## TRY IT
Gather all lines in the records below that include the word "HERE".

=== Begin Enclosure ===

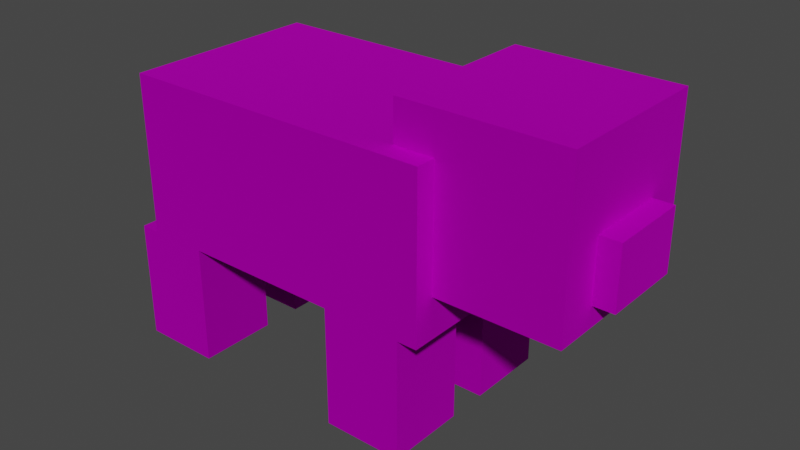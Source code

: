 # Source: Pig.blend  (saved by Blender 3.5.10; exported with 4.5.12 LTS)
import bpy
from mathutils import Matrix  # noqa: F401  (used for matrix-valued properties, if any)

bpy.ops.wm.read_factory_settings(use_empty=True)
scene = bpy.context.scene
scene.name = 'Scene'

# ---- collections
col_collection = bpy.data.collections.new('Collection'); scene.collection.children.link(col_collection)

# ---- images (referenced by path relative to the original .blend; pixels are not part of the script)
import os
ASSET_DIR = os.environ.get("B2B_ASSET_DIR", "")  # directory of the original .blend (textures are referenced by path, not embedded)
HERE = os.path.dirname(os.path.abspath(__file__))  # packed textures are extracted next to this script under _unpacked/

def load_image(name, relpath, width, height, colorspace="sRGB"):
    """Load a texture the original file referenced (path relative to the .blend, or extracted next to this script)."""
    p = next((c for c in (os.path.join(HERE, relpath), os.path.join(ASSET_DIR, relpath)) if relpath and os.path.exists(c)), "")
    if p:
        img = bpy.data.images.load(p, check_existing=True)
        img.name = name
    else:  # same state as the original file: an image datablock whose file is absent (Cycles renders it pink)
        img = bpy.data.images.new(name, width, height)
        img.source = "FILE"
        img.filepath = "//" + (relpath or name)
    img.colorspace_settings.name = colorspace
    return img
img_pig_png = load_image('Pig.png', 'Pig.png', 1024, 1024, 'sRGB')

# ---- materials (node trees are filled in below, after node groups)
mat_pig = bpy.data.materials.new('Pig')
mat_pig.use_transparent_shadow = False
mat_pig.diffuse_color = (0.5882, 0.5882, 0.5882, 1.0)
mat_pig.roughness = 0.8586
mat_pig.specular_intensity = 0.0
mat_pig.metallic = 1.0

# ---- material node trees
mat_pig.use_nodes = True; mat_pig.node_tree.nodes.clear()
_N = mat_pig.node_tree.nodes; _L = mat_pig.node_tree.links
n0 = _N.new('ShaderNodeBsdfPrincipled'); n0.name = 'Principled BSDF'; n0.location = (10, 300)
n0.distribution = 'GGX'
n0.subsurface_method = 'RANDOM_WALK_SKIN'
n0.inputs[1].default_value = 1.0
n0.inputs[2].default_value = 0.8586
n0.inputs[3].default_value = 1.45
n0.inputs[13].default_value = 0.0
n0.inputs[27].default_value = (0.0, 0.0, 0.0, 1.0)
n1 = _N.new('ShaderNodeOutputMaterial'); n1.name = 'Material Output'; n1.location = (300, 300)
n2 = _N.new('ShaderNodeNormalMap'); n2.name = 'Normal Map'; n2.location = (-300, -300)
n2.label = 'Normal/Map'
n3 = _N.new('ShaderNodeTexImage'); n3.name = 'Image Texture'; n3.location = (-280, 280)
n3.image = img_pig_png
_L.new(n0.outputs[0], n1.inputs[0])
_L.new(n2.outputs[0], n0.inputs[5])
_L.new(n3.outputs[0], n0.inputs[0])
n1.is_active_output = True

# ---- world
world_world = bpy.data.worlds.new('World'); scene.world = world_world
world_world.use_nodes = True; world_world.node_tree.nodes.clear()
_N = world_world.node_tree.nodes; _L = world_world.node_tree.links
n0 = _N.new('ShaderNodeOutputWorld'); n0.name = 'World Output'; n0.location = (300, 300)
n1 = _N.new('ShaderNodeBackground'); n1.name = 'Background'; n1.location = (10, 300)
n1.inputs[0].default_value = (0.05088, 0.05088, 0.05088, 1.0)
_L.new(n1.outputs[0], n0.inputs[0])
n0.is_active_output = True
world_world.color = (0.05088, 0.05088, 0.05088)
world_world.use_sun_shadow = False
world_world.sun_shadow_jitter_overblur = 0.0

# ---- meshes
me_mesh = bpy.data.meshes.new('Mesh')
me_mesh.from_pydata([(0.605, 0.4105, 0.2032), (0.605, 0.4105, -0.2032), (0.1986, 0.4105, 0.2032), (0.1986, 0.4105, -0.2032), (0.605, 0.8169, 0.2032), (0.605, 0.8169, -0.2032), (0.1986, 0.8169, 0.2032), (0.1986, 0.8169, -0.2032), (0.3002, 0.3089, 0.254), (0.3002, 0.3089, -0.254), (-0.5126, 0.3089, 0.254), (-0.5126, 0.3089, -0.254), (0.3002, 0.7153, 0.254), (0.3002, 0.7153, -0.254), (-0.5126, 0.7153, 0.254), (-0.5126, 0.7153, -0.254), (0.605, 0.4613, 0.1016), (0.605, 0.4613, -0.1016), (0.605, 0.6137, 0.1016), (0.605, 0.6137, -0.1016), (0.6558, 0.4613, 0.1016), (0.6558, 0.4613, -0.1016), (0.6558, 0.6137, 0.1016), (0.6558, 0.6137, -0.1016), (0.04622, 0.004131, 0.254), (0.04622, 0.004131, 0.0508), (0.04622, 0.3089, 0.254), (0.04622, 0.3089, 0.0508), (0.2494, 0.004131, 0.254), (0.2494, 0.004131, 0.0508), (0.2494, 0.3089, 0.254), (0.2494, 0.3089, 0.0508), (0.04622, 0.004131, -0.0508), (0.04622, 0.004131, -0.254), (0.04622, 0.3089, -0.0508), (0.04622, 0.3089, -0.254), (0.2494, 0.004131, -0.0508), (0.2494, 0.004131, -0.254), (0.2494, 0.3089, -0.0508), (0.2494, 0.3089, -0.254), (-0.5634, 0.004131, 0.254), (-0.5634, 0.004131, 0.0508), (-0.5634, 0.3089, 0.254), (-0.5634, 0.3089, 0.0508), (-0.3602, 0.004131, 0.254), (-0.3602, 0.004131, 0.0508), (-0.3602, 0.3089, 0.254), (-0.3602, 0.3089, 0.0508), (-0.5634, 0.004131, -0.0508), (-0.5634, 0.004131, -0.254), (-0.5634, 0.3089, -0.0508), (-0.5634, 0.3089, -0.254), (-0.3602, 0.004131, -0.0508), (-0.3602, 0.004131, -0.254), (-0.3602, 0.3089, -0.0508), (-0.3602, 0.3089, -0.254)], [], [(0, 2, 3, 1), (4, 5, 7, 6), (0, 1, 5, 4), (1, 3, 7, 5), (3, 2, 6, 7), (2, 0, 4, 6), (8, 10, 11, 9), (12, 13, 15, 14), (8, 9, 13, 12), (9, 11, 15, 13), (11, 10, 14, 15), (10, 8, 12, 14), (20, 21, 23, 22), (16, 17, 21, 20), (17, 19, 23, 21), (19, 18, 22, 23), (18, 16, 20, 22), (24, 26, 27, 25), (28, 29, 31, 30), (24, 25, 29, 28), (25, 27, 31, 29), (27, 26, 30, 31), (26, 24, 28, 30), (32, 34, 35, 33), (36, 37, 39, 38), (32, 33, 37, 36), (33, 35, 39, 37), (35, 34, 38, 39), (34, 32, 36, 38), (40, 42, 43, 41), (44, 45, 47, 46), (40, 41, 45, 44), (41, 43, 47, 45), (43, 42, 46, 47), (42, 40, 44, 46), (48, 50, 51, 49), (52, 53, 55, 54), (48, 49, 53, 52), (49, 51, 55, 53), (51, 50, 54, 55), (50, 48, 52, 54)])
me_mesh.polygons.foreach_set('use_smooth', [True] * 41)
_k = set([(0, 1), (0, 2), (0, 4), (1, 3), (1, 5), (2, 3), (2, 6), (3, 7), (4, 5), (4, 6), (5, 7), (6, 7), (8, 9), (8, 10), (8, 12), (9, 11), (9, 13), (10, 11), (10, 14), (11, 15), (12, 13), (12, 14), (13, 15), (14, 15), (16, 20), (17, 21), (18, 22), (19, 23), (20, 21), (20, 22), (21, 23), (22, 23), (24, 25), (24, 26), (24, 28), (25, 27), (25, 29), (26, 27), (26, 30), (27, 31), (28, 29), (28, 30), (29, 31), (30, 31), (32, 33), (32, 34), (32, 36), (33, 35), (33, 37), (34, 35), (34, 38), (35, 39), (36, 37), (36, 38), (37, 39), (38, 39), (40, 41), (40, 42), (40, 44), (41, 43), (41, 45), (42, 43), (42, 46), (43, 47), (44, 45), (44, 46), (45, 47), (46, 47), (48, 49), (48, 50), (48, 52), (49, 51), (49, 53), (50, 51), (50, 54), (51, 55), (52, 53), (52, 54), (53, 55), (54, 55)])
me_mesh.attributes.new('sharp_edge', 'BOOLEAN', 'EDGE').data.foreach_set('value', [ (min(e.vertices), max(e.vertices)) in _k for e in me_mesh.edges])
_uv = me_mesh.uv_layers.new(name='UVChannel_1')
_uv.uv.foreach_set('vector', [0.25, 0.875, 0.25, 1.0, 0.375, 1.0, 0.375, 0.875, 0.125, 0.875, 0.25, 0.875, 0.25, 1.0, 0.125, 1.0, 0.125, 0.75, 0.25, 0.75, 0.25, 0.875, 0.125, 0.875, 0.25, 0.75, 0.375, 0.75, 0.375, 0.875, 0.25, 0.875, 0.375, 0.75, 0.5, 0.75, 0.5, 0.875, 0.375, 0.875, 0.0, 0.75, 0.125, 0.75, 0.125, 0.875, 0.0, 0.875, 0.5625, 0.75, 0.5625, 0.5, 0.725, 0.5, 0.725, 0.75, 1.0, 0.75, 0.85, 0.75, 0.85, 0.5, 1.0, 0.5, 0.5625, 0.75, 0.725, 0.75, 0.725, 0.875, 0.5625, 0.875, 0.725, 0.75, 0.725, 0.5, 0.85, 0.5, 0.85, 0.75, 0.876, 0.75, 0.726, 0.75, 0.726, 0.875, 0.876, 0.875, 0.5625, 0.5, 0.5625, 0.75, 0.4375, 0.75, 0.4375, 0.5, 0.2659, 0.6875, 0.328, 0.6875, 0.328, 0.734, 0.2659, 0.734, 0.328, 0.75, 0.3875, 0.75, 0.3875, 0.734, 0.328, 0.734, 0.343, 0.6875, 0.343, 0.734, 0.328, 0.734, 0.328, 0.6875, 0.328, 0.75, 0.2659, 0.75, 0.2659, 0.734, 0.328, 0.734, 0.25, 0.734, 0.25, 0.6875, 0.2659, 0.6875, 0.2659, 0.734, 0.25, 0.6, 0.25, 0.6875, 0.1875, 0.6875, 0.1875, 0.6, 0.0625, 0.6, 0.125, 0.6, 0.125, 0.6875, 0.0625, 0.6875, 0.125, 0.75, 0.1875, 0.75, 0.1875, 0.6875, 0.125, 0.6875, 0.1875, 0.6, 0.1875, 0.6875, 0.125, 0.6875, 0.125, 0.6, 0.125, 0.75, 0.0625, 0.75, 0.0625, 0.6875, 0.125, 0.6875, 0.0, 0.6875, 0.0, 0.6, 0.0625, 0.6, 0.0625, 0.6875, 0.25, 0.6, 0.25, 0.6875, 0.1875, 0.6875, 0.1875, 0.6, 0.0625, 0.6, 0.125, 0.6, 0.125, 0.6875, 0.0625, 0.6875, 0.125, 0.75, 0.1875, 0.75, 0.1875, 0.6875, 0.125, 0.6875, 0.1875, 0.6, 0.1875, 0.6875, 0.125, 0.6875, 0.125, 0.6, 0.125, 0.75, 0.0625, 0.75, 0.0625, 0.6875, 0.125, 0.6875, 0.0, 0.6875, 0.0, 0.6, 0.0625, 0.6, 0.0625, 0.6875, 0.25, 0.6, 0.25, 0.6875, 0.1875, 0.6875, 0.1875, 0.6, 0.0625, 0.6, 0.125, 0.6, 0.125, 0.6875, 0.0625, 0.6875, 0.125, 0.75, 0.1875, 0.75, 0.1875, 0.6875, 0.125, 0.6875, 0.1875, 0.6, 0.1875, 0.6875, 0.125, 0.6875, 0.125, 0.6, 0.125, 0.75, 0.0625, 0.75, 0.0625, 0.6875, 0.125, 0.6875, 0.0, 0.6875, 0.0, 0.6, 0.0625, 0.6, 0.0625, 0.6875, 0.25, 0.6, 0.25, 0.6875, 0.1875, 0.6875, 0.1875, 0.6, 0.0625, 0.6, 0.125, 0.6, 0.125, 0.6875, 0.0625, 0.6875, 0.125, 0.75, 0.1875, 0.75, 0.1875, 0.6875, 0.125, 0.6875, 0.1875, 0.6, 0.1875, 0.6875, 0.125, 0.6875, 0.125, 0.6, 0.125, 0.75, 0.0625, 0.75, 0.0625, 0.6875, 0.125, 0.6875, 0.0, 0.6875, 0.0, 0.6, 0.0625, 0.6, 0.0625, 0.6875])
me_mesh.materials.append(mat_pig)
me_mesh.update()
me_mesh.normals_split_custom_set([tuple(v) for v in zip(*[iter([7.333e-08, -1.0, 9.022e-08, 7.333e-08, -1.0, 9.022e-08, 7.333e-08, -1.0, 9.022e-08, 7.333e-08, -1.0, 9.022e-08, 0.0, 1.0, -1.474e-07, 0.0, 1.0, -1.474e-07, 0.0, 1.0, -1.474e-07, 0.0, 1.0, -1.474e-07, 1.0, 1.804e-07, 0.0, 1.0, 1.804e-07, 0.0, 1.0, 1.804e-07, 0.0, 1.0, 1.804e-07, 0.0, 0.0, -3.667e-08, -1.0, 0.0, -3.667e-08, -1.0, 0.0, -3.667e-08, -1.0, 0.0, -3.667e-08, -1.0, -1.0, -4.511e-08, 7.333e-08, -1.0, -4.511e-08, 7.333e-08, -1.0, -4.511e-08, 7.333e-08, -1.0, -4.511e-08, 7.333e-08, 0.0, 3.667e-08, 1.0, 0.0, 3.667e-08, 1.0, 0.0, 3.667e-08, 1.0, 0.0, 3.667e-08, 1.0, 3.667e-08, -1.0, 0.0, 3.667e-08, -1.0, 0.0, 3.667e-08, -1.0, 0.0, 3.667e-08, -1.0, 0.0, 0.0, 1.0, 0.0, 0.0, 1.0, 0.0, 0.0, 1.0, 0.0, 0.0, 1.0, 0.0, 1.0, 7.218e-08, 0.0, 1.0, 7.218e-08, 0.0, 1.0, 7.218e-08, 0.0, 1.0, 7.218e-08, 0.0, 0.0, -7.333e-08, -1.0, 0.0, -7.333e-08, -1.0, 0.0, -7.333e-08, -1.0, 0.0, -7.333e-08, -1.0, -1.0, -1.444e-07, 0.0, -1.0, -1.444e-07, 0.0, -1.0, -1.444e-07, 0.0, -1.0, -1.444e-07, 0.0, 0.0, 7.333e-08, 1.0, 0.0, 7.333e-08, 1.0, 0.0, 7.333e-08, 1.0, 0.0, 7.333e-08, 1.0, 1.0, 0.0, 0.0, 1.0, 0.0, 0.0, 1.0, 0.0, 0.0, 1.0, 0.0, 0.0, 0.0, -1.0, 0.0, 0.0, -1.0, 0.0, 0.0, -1.0, 0.0, 0.0, -1.0, 0.0, 0.0, -4.889e-08, -1.0, 0.0, -4.889e-08, -1.0, 0.0, -4.889e-08, -1.0, 0.0, -4.889e-08, -1.0, 0.0, 1.0, 0.0, 0.0, 1.0, 0.0, 0.0, 1.0, 0.0, 0.0, 1.0, 0.0, 0.0, 4.889e-08, 1.0, 0.0, 4.889e-08, 1.0, 0.0, 4.889e-08, 1.0, 0.0, 4.889e-08, 1.0, -1.0, 1.092e-07, 3.667e-08, -1.0, 1.092e-07, 3.667e-08, -1.0, 1.092e-07, 3.667e-08, -1.0, 1.092e-07, 3.667e-08, 1.0, -1.203e-07, -7.333e-08, 1.0, -1.203e-07, -7.333e-08, 1.0, -1.203e-07, -7.333e-08, 1.0, -1.203e-07, -7.333e-08, -1.948e-07, -1.0, 4.644e-08, -1.948e-07, -1.0, 4.644e-08, -1.948e-07, -1.0, 4.644e-08, -1.948e-07, -1.0, 4.644e-08, -4.511e-08, -4.889e-08, -1.0, -4.511e-08, -4.889e-08, -1.0, -4.511e-08, -4.889e-08, -1.0, -4.511e-08, -4.889e-08, -1.0, 2.933e-07, 1.0, -6.895e-08, 2.933e-07, 1.0, -6.895e-08, 2.933e-07, 1.0, -6.895e-08, 2.933e-07, 1.0, -6.895e-08, 0.0, 0.0, 1.0, 0.0, 0.0, 1.0, 0.0, 0.0, 1.0, 0.0, 0.0, 1.0, -1.0, 1.053e-07, 3.667e-08, -1.0, 1.053e-07, 3.667e-08, -1.0, 1.053e-07, 3.667e-08, -1.0, 1.053e-07, 3.667e-08, 1.0, -1.804e-07, -7.333e-08, 1.0, -1.804e-07, -7.333e-08, 1.0, -1.804e-07, -7.333e-08, 1.0, -1.804e-07, -7.333e-08, -1.948e-07, -1.0, 4.362e-08, -1.948e-07, -1.0, 4.362e-08, -1.948e-07, -1.0, 4.362e-08, -1.948e-07, -1.0, 4.362e-08, 0.0, 0.0, -1.0, 0.0, 0.0, -1.0, 0.0, 0.0, -1.0, 0.0, 0.0, -1.0, 2.933e-07, 1.0, -6.895e-08, 2.933e-07, 1.0, -6.895e-08, 2.933e-07, 1.0, -6.895e-08, 2.933e-07, 1.0, -6.895e-08, 4.511e-08, 4.889e-08, 1.0, 4.511e-08, 4.889e-08, 1.0, 4.511e-08, 4.889e-08, 1.0, 4.511e-08, 4.889e-08, 1.0, -1.0, -1.05e-07, 0.0, -1.0, -1.05e-07, 0.0, -1.0, -1.05e-07, 0.0, -1.0, -1.05e-07, 0.0, 1.0, 0.0, 0.0, 1.0, 0.0, 0.0, 1.0, 0.0, 0.0, 1.0, 0.0, 0.0, -1.948e-07, -1.0, 4.088e-08, -1.948e-07, -1.0, 4.088e-08, -1.948e-07, -1.0, 4.088e-08, -1.948e-07, -1.0, 4.088e-08, -3.007e-08, -4.889e-08, -1.0, -3.007e-08, -4.889e-08, -1.0, -3.007e-08, -4.889e-08, -1.0, -3.007e-08, -4.889e-08, -1.0, 1.467e-07, 1.0, 0.0, 1.467e-07, 1.0, 0.0, 1.467e-07, 1.0, 0.0, 1.467e-07, 1.0, 0.0, 0.0, 0.0, 1.0, 0.0, 0.0, 1.0, 0.0, 0.0, 1.0, 0.0, 0.0, 1.0, -1.0, 0.0, 0.0, -1.0, 0.0, 0.0, -1.0, 0.0, 0.0, -1.0, 0.0, 0.0, 1.0, 0.0, 0.0, 1.0, 0.0, 0.0, 1.0, 0.0, 0.0, 1.0, 0.0, 0.0, -1.948e-07, -1.0, 4.511e-08, -1.948e-07, -1.0, 4.511e-08, -1.948e-07, -1.0, 4.511e-08, -1.948e-07, -1.0, 4.511e-08, 0.0, 0.0, -1.0, 0.0, 0.0, -1.0, 0.0, 0.0, -1.0, 0.0, 0.0, -1.0, 1.467e-07, 1.0, 0.0, 1.467e-07, 1.0, 0.0, 1.467e-07, 1.0, 0.0, 1.467e-07, 1.0, 0.0, 7.519e-08, 4.889e-08, 1.0, 7.519e-08, 4.889e-08, 1.0, 7.519e-08, 4.889e-08, 1.0, 7.519e-08, 4.889e-08, 1.0])] * 3)])

# ---- objects
ob_pig = bpy.data.objects.new('Pig', me_mesh)

# ---- transforms, parenting, visibility, modifiers, constraints
ob_pig.location = (0.0, 0.0, 0.0)
ob_pig.rotation_euler = (1.571, -0.0, 0.0)
ob_pig.color = (0.8, 0.8, 0.8, 1.0)

# ---- collection membership
col_collection.objects.link(ob_pig)

# ---- scene / render settings (as saved in the file)
scene.frame_start = 1; scene.frame_end = 250; scene.frame_set(1)
scene.render.engine = 'BLENDER_EEVEE_NEXT'
scene.render.fps = 30
scene.cycles.sampling_pattern = 'TABULATED_SOBOL'
scene.view_settings.view_transform = 'Filmic'
bpy.context.view_layer.update()

# ---- added for rendering (the .blend has no active camera and no usable light): camera, sun
cam_auto = bpy.data.cameras.new('AutoCamera')
cam_auto.lens = 50.0
cam_auto.sensor_width = 36.0
cam_auto.clip_end = 1000.0
ob_auto_camera = bpy.data.objects.new('AutoCamera', cam_auto)
scene.collection.objects.link(ob_auto_camera)
ob_auto_camera.location = (1.48111, -1.72187, 1.55844)
ob_auto_camera.rotation_euler = (1.09748, -7.21219e-08, 0.694738)
scene.camera = ob_auto_camera
light_auto_sun = bpy.data.lights.new('AutoSun', 'SUN')
light_auto_sun.energy = 3.0
light_auto_sun.angle = 0.0523599
ob_auto_sun = bpy.data.objects.new('AutoSun', light_auto_sun)
scene.collection.objects.link(ob_auto_sun)
ob_auto_sun.rotation_euler = (0.872665, 0.174533, 0.523599)
bpy.context.view_layer.update()

=== End Enclosure ===

## WRITTEN REPLY
HERE = os.path.dirname(os.path.abspath(__file__))  # packed textures are extracted next to this script under _unpacked/
    p = next((c for c in (os.path.join(HERE, relpath), os.path.join(ASSET_DIR, relpath)) if relpath and os.path.exists(c)), "")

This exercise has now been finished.